Rewrite or revise? What is the difference between the two? Rewrite is a drastic overhaul of your work. Tearing what you wrote apart and more or less starting from scratch. Something no writer wants to do, but sometimes you don’t have a choice in the matter. Not if you care about your story and your future readers. Revise involves less drastic measures. Tweaking a scene here, rewording another further along. Correcting confusing points. We constantly revise our work when we read back through it. Rewriting and revising are things writers have to deal with whether we want to or not.

So, which camp can I be found in right now? Definitely revising, but I do have one section that needs a major rewrite. There I was, cruising along with the edits for my current wip. Occasionally posting excerpts in Writers World for critiques and comments. One excerpt I posted has turned into a problem child. It’s an important scene, but the way it currently reads, it is confusing. If I hadn’t of posted it, I would have left it alone. But thanks to Colleen Aune Moore, she pointed out what was wrong. Never dismiss comments and critiques made by others, since these are things a reader will catch and point out in a review. Study what is wrong, ask questions if you don’t understand the comment and work to correct the problem.

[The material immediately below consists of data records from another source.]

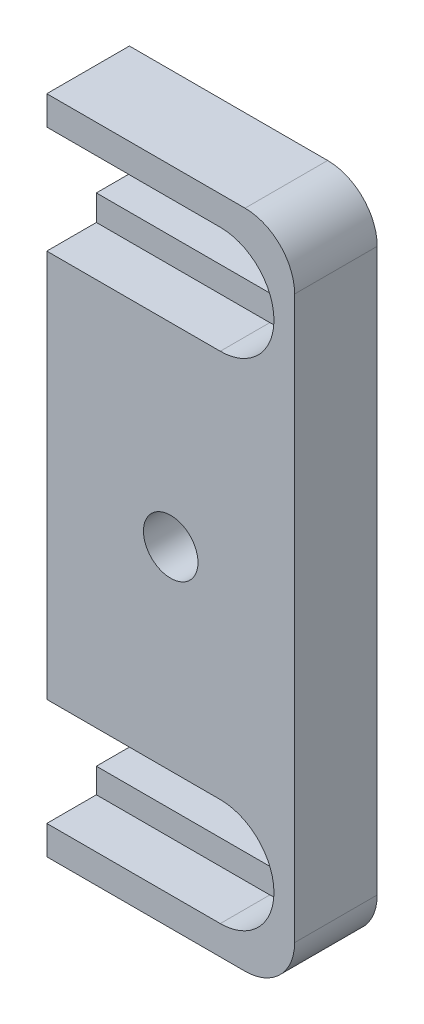
SolidWorks part; units mm, degrees
material "6061 Alloy"
ref_plane "Front" through (0, 0, 0) normal (0, 0, 1) x (1, 0, 0)
ref_plane "Top" through (0, 0, 0) normal (0, 1, 0) x (1, 0, 0)
ref_plane "Right" through (0, 0, 0) normal (1, 0, 0) x (0, 0, -1)
ref_plane "Plane1" through (0, 0, 5) normal (0, 0, 1) x (1, 0, 0)
sketch "Sketch1" plane through (0, 0, 5) normal (0, 0, 1) x (1, 0, 0)
  line L0 (15, 0) -> (0, 0)
  line L1 (0, 0) -> (0, -40)
  line L2 (0, -40) -> (15, -40)
  line L3 (15, -40) -> (15, 0)
extrude "Boss-Extrude1" add sketch "Sketch1" against normal blind 5
sketch "Sketch2" plane through (0, 0, 5) normal (0, 0, 1) x (1, 0, 0)
  line L0 (0, -8.25) -> (10.5, -8.25)
  line L1 (10.5, -1.75) -> (0, -1.75)
  line L2 (0, -1.75) -> (0, -8.25)
  arc A0 (10.5, -8.25) -> (10.5, -1.75) centre (10.5, -5) ccw
extrude "Cut-Extrude1" cut sketch "Sketch2" against normal blind 3
sketch "Sketch3" plane through (0, 0, 2) normal (0, 0, 1) x (1, 0, 0)
  line L0 (0, -3.3) -> (0, -6.7)
  line L1 (0, -6.7) -> (10.5, -6.7)
  line L2 (10.5, -3.3) -> (0, -3.3)
  arc A0 (10.5, -6.7) -> (10.5, -3.3) centre (10.5, -5) ccw
extrude "Cut-Extrude2" cut sketch "Sketch3" against normal through all
sketch "Sketch4" plane through (0, 0, 5) normal (0, 0, 1) x (1, 0, 0)
  line L0 (10.5, -31.75) -> (0, -31.75)
  line L1 (0, -31.75) -> (0, -38.25)
  line L2 (0, -38.25) -> (10.5, -38.25)
  arc A0 (10.5, -38.25) -> (10.5, -31.75) centre (10.5, -35) ccw
extrude "Cut-Extrude3" cut sketch "Sketch4" against normal blind 3
sketch "Sketch5" plane through (0, 0, 0) normal (0, 0, -1) x (-1, 0, 0)
  line L0 (0, -36.75) -> (0, -33.25)
  line L1 (0, -33.25) -> (-10.5, -33.25)
  line L2 (-10.5, -36.75) -> (0, -36.75)
  arc A0 (-10.5, -33.25) -> (-10.5, -36.75) centre (-10.5, -35) ccw
extrude "Cut-Extrude4" cut sketch "Sketch5" against normal through all
hole_wizard "M4x0.7 Tapped Hole1" positions "Sketch7" profile "Sketch6" tap size "M4x0.7" standard "ANSI Metric" end condition through all
sketch "Sketch7" plane through (0, 0, 5) normal (0, 0, 1) x (1, 0, 0)
  point P0 (7.5, -20)
sketch "Sketch6" plane through (7.5, -20, 5) normal (1, 0, 0) x (0, -1, 0)
  line L0 (0, 0) -> (0, 5)
  line L1 (0, 5) -> (1.65, 5)
  line L2 (1.65, 5) -> (1.65, 0)
  line L5 (1.65, 0) -> (0, 0)
  line L11 (0, -6.35) -> (0, 107.95) construction
  dimension "Thru Tap Drill Dia." = 3.3
  dimension "Thru Tap Drill Depth" = 5
fillet "Fillet1" radius 3 2 edges at (15, -40, 2.5) (15, 0, 2.5)
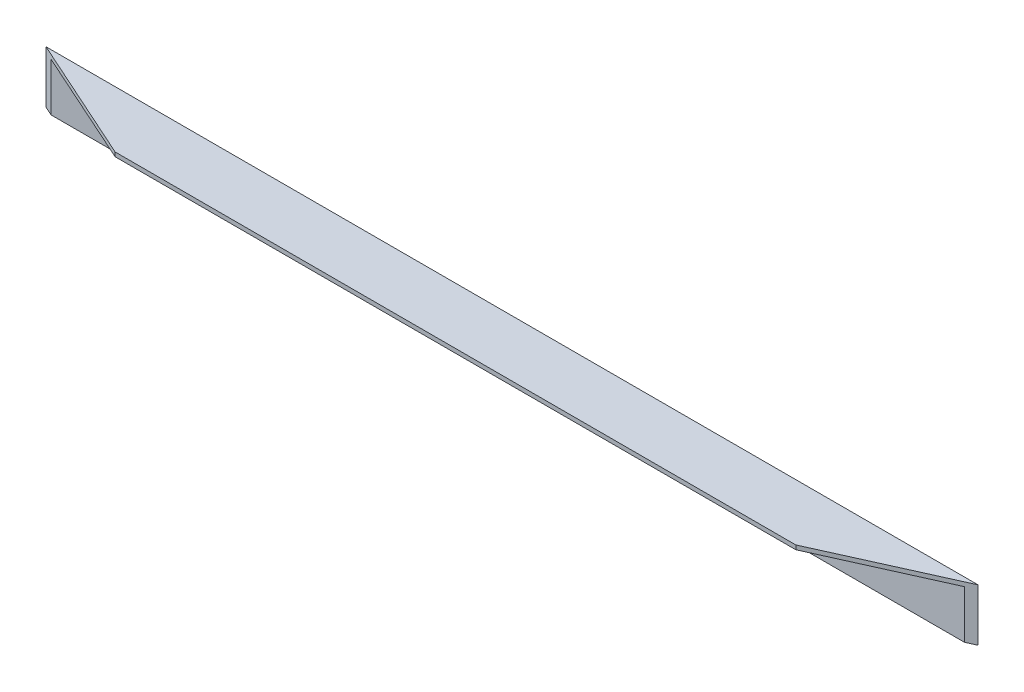
SolidWorks part; units mm, degrees
ref_plane "前视" through (0, 0, 0) normal (0, 0, 1) x (1, 0, 0)
ref_plane "上视" through (0, 0, 0) normal (0, 1, 0) x (1, 0, 0)
ref_plane "右视" through (0, 0, 0) normal (1, 0, 0) x (0, 0, -1)
sketch "草图1" plane through (0, 0, 0) normal (0, 0, 1) x (1, 0, 0)
  line L0 (0, 0) -> (0, 72.6209) construction
  line L1 (-890, 0) -> (890, 0)
  line L2 (-890, 0) -> (-890, 100)
  line L3 (-890, 100) -> (890, 100)
  line L4 (890, 0) -> (890, 100)
  line L5 (1568.3745, 40) -> (1028.9756, 40) construction
  line L6 (1022.2249, 40) -> (468.717, 40) construction
  line L7 (468.717, 40) -> (338.4799, 40) construction
  line L8 (346.077, 40) -> (224.5223, 40) construction
  line L9 (0, 72.6209) -> (0, 232.7989) construction
  line L10 (1000, 433.3131) -> (1000, -1026.6948) construction
  line L11 (-1000, 516.3236) -> (-1000, -1344.0878) construction
  dimension "D1" = 1780
  dimension "D2" = 100
  dimension "D3" = 40
extrude "基体-拉伸" add sketch "草图1" along normal blind 8
sketch "草图2" plane through (0, 0, 8) normal (0, 0, 1) x (1, 0, 0)
  line L0 (890, 0) -> (890, 100) construction
  line L1 (-890, 100) -> (890, 100)
  line L2 (-890, 100) -> (-890, 92)
  line L3 (-890, 92) -> (890, 92)
  line L4 (890, 100) -> (890, 92)
  dimension "D1" = 8
extrude "凸台-拉伸1" add sketch "草图2" along normal blind 100
sketch "草图3" plane through (0, 100, 0) normal (0, 1, 0) x (-1, 0, 0)
  line L0 (-890, 108) -> (890, 108) construction
  line L1 (-650, 108) -> (-890, 0)
  line L2 (-890, 0) -> (-890, 108)
  line L3 (-890, 108) -> (-650, 108)
  line L4 (0, -34.4051) -> (0, 171.3565) construction
  line L5 (890, 108) -> (650, 108)
  line L6 (890, 0) -> (890, 108)
  line L7 (650, 108) -> (890, 0)
  point P0 (-650, 108)
  dimension "D1" = 240
extrude "切除-拉伸1" cut sketch "草图3" against normal through all
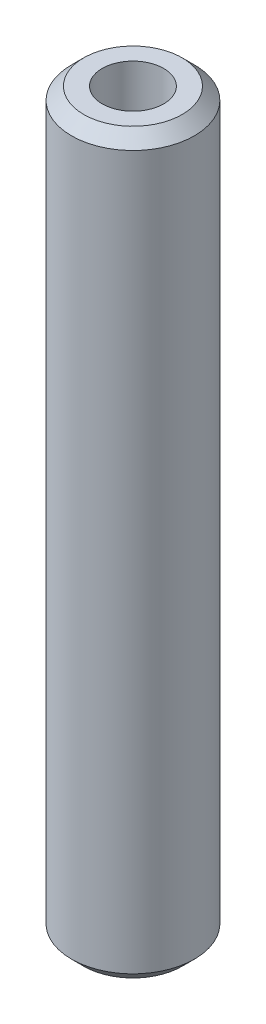
SolidWorks part; units mm, degrees
material "AISI 316 Stainless Steel Sheet (SS)"
ref_plane "Front Plane" through (0, 0, 0) normal (0, 0, 1) x (1, 0, 0)
ref_plane "Top Plane" through (0, 0, 0) normal (0, 1, 0) x (1, 0, 0)
ref_plane "Right Plane" through (0, 0, 0) normal (1, 0, 0) x (0, 0, -1)
sketch "Sketch1" plane through (0, 0, 0) normal (0, 1, 0) x (1, 0, 0)
  circle A0 centre (0, 0) radius 2.5
  dimension "D1" = 5
extrude "Boss-Extrude1" add sketch "Sketch1" along normal blind 30
cosmetic thread "Cosmetic Thread1" parameters "D1"=7, "D2"=4.11
hole_wizard "M3x0.5 Tapped Hole1" positions "Sketch2" profile "Sketch3" tap size "M3x0.5" standard "JIS"
sketch "Sketch2" plane through (0, 30, 0) normal (0, 1, 0) x (1, 0, 0)
  point P0 (0, 0)
sketch "Sketch3" plane through (0, 30, 0) normal (1, 0, 0) x (0, 0, 1)
  line L0 (0, 0) -> (0, 7.7511)
  line L1 (0, 7.7511) -> (1.25, 7)
  line L2 (1.25, 7) -> (1.25, 0)
  line L5 (1.25, 0) -> (0, 0)
  line L10 (0, 7.7511) -> (-1.25, 7) construction
  line L11 (0, -6.35) -> (0, 107.95) construction
  dimension "Tap Drill Dia." = 2.5
  dimension "Tap Drill Depth" = 7
  dimension "Drill Angle" = 118
cosmetic thread "Hole Thread1" parameters "D1"=5, "D2"=3
hole_wizard "M3x0.5 Tapped Hole2" positions "Sketch4" profile "Sketch5" tap size "M3x0.5" standard "JIS"
sketch "Sketch4" plane through (0, 0, 0) normal (0, -1, 0) x (-1, 0, 0)
  point P0 (0, 0)
sketch "Sketch5" plane through (0, 0, 0) normal (1, 0, 0) x (0, 0, -1)
  line L0 (0, 0) -> (0, 7.7511)
  line L1 (0, 7.7511) -> (1.25, 7)
  line L2 (1.25, 7) -> (1.25, 0)
  line L5 (1.25, 0) -> (0, 0)
  line L10 (0, 7.7511) -> (-1.25, 7) construction
  line L11 (0, -6.35) -> (0, 107.95) construction
  dimension "Tap Drill Dia." = 2.5
  dimension "Tap Drill Depth" = 7
  dimension "Drill Angle" = 118
cosmetic thread "Hole Thread2" parameters "D1"=5, "D2"=3
chamfer "Chamfer1" distance 0.5 angle 45 2 edges at (0, 0, 2.5) (0, 30, 2.5)

My first step is taking the comments made about the excerpt and saving them to a word doc. Next I copy and pasted the troubled section into another doc, saved that and printed both documents out. To insure I don’t make things worse, I printed out the sections before and after, to keep things consistent. I have plenty of pens and notepads to help with this rewrite, so the next step will be reading through the offending section and see how I can salvage it. I know this won’t be easy, but in the end my story will be better for it. My next step is taking each section of the scene, writing it out, then go back through the comments made, and write it anew. I suspect I will end up doing this several times before the scene makes sense. I will curse myself, doubt myself, and feel tempted to throw things at the wall, but I will not stop. I am a writer and accept the responsibility of my chosen path. Never surrender!

Another work of mine has been rewritten four times. The rewrites I did were based on comments I received from a writing course I took through Writer’s Digest. Now I’m in the revising and editing stage of that trilogy with a possible fourth book in the offing. I went through a lot of notebook paper for that, enough to fill a box that used to hold ten reams of printer paper. Yes, I am a pack rat when it comes to my writing. The moment I throw something out, I end up needed it later down the line. Now I save on paper by using my laptop and dating the rewrites and revisions. They get saved into folders on the hard drive and backed up on two flash drives.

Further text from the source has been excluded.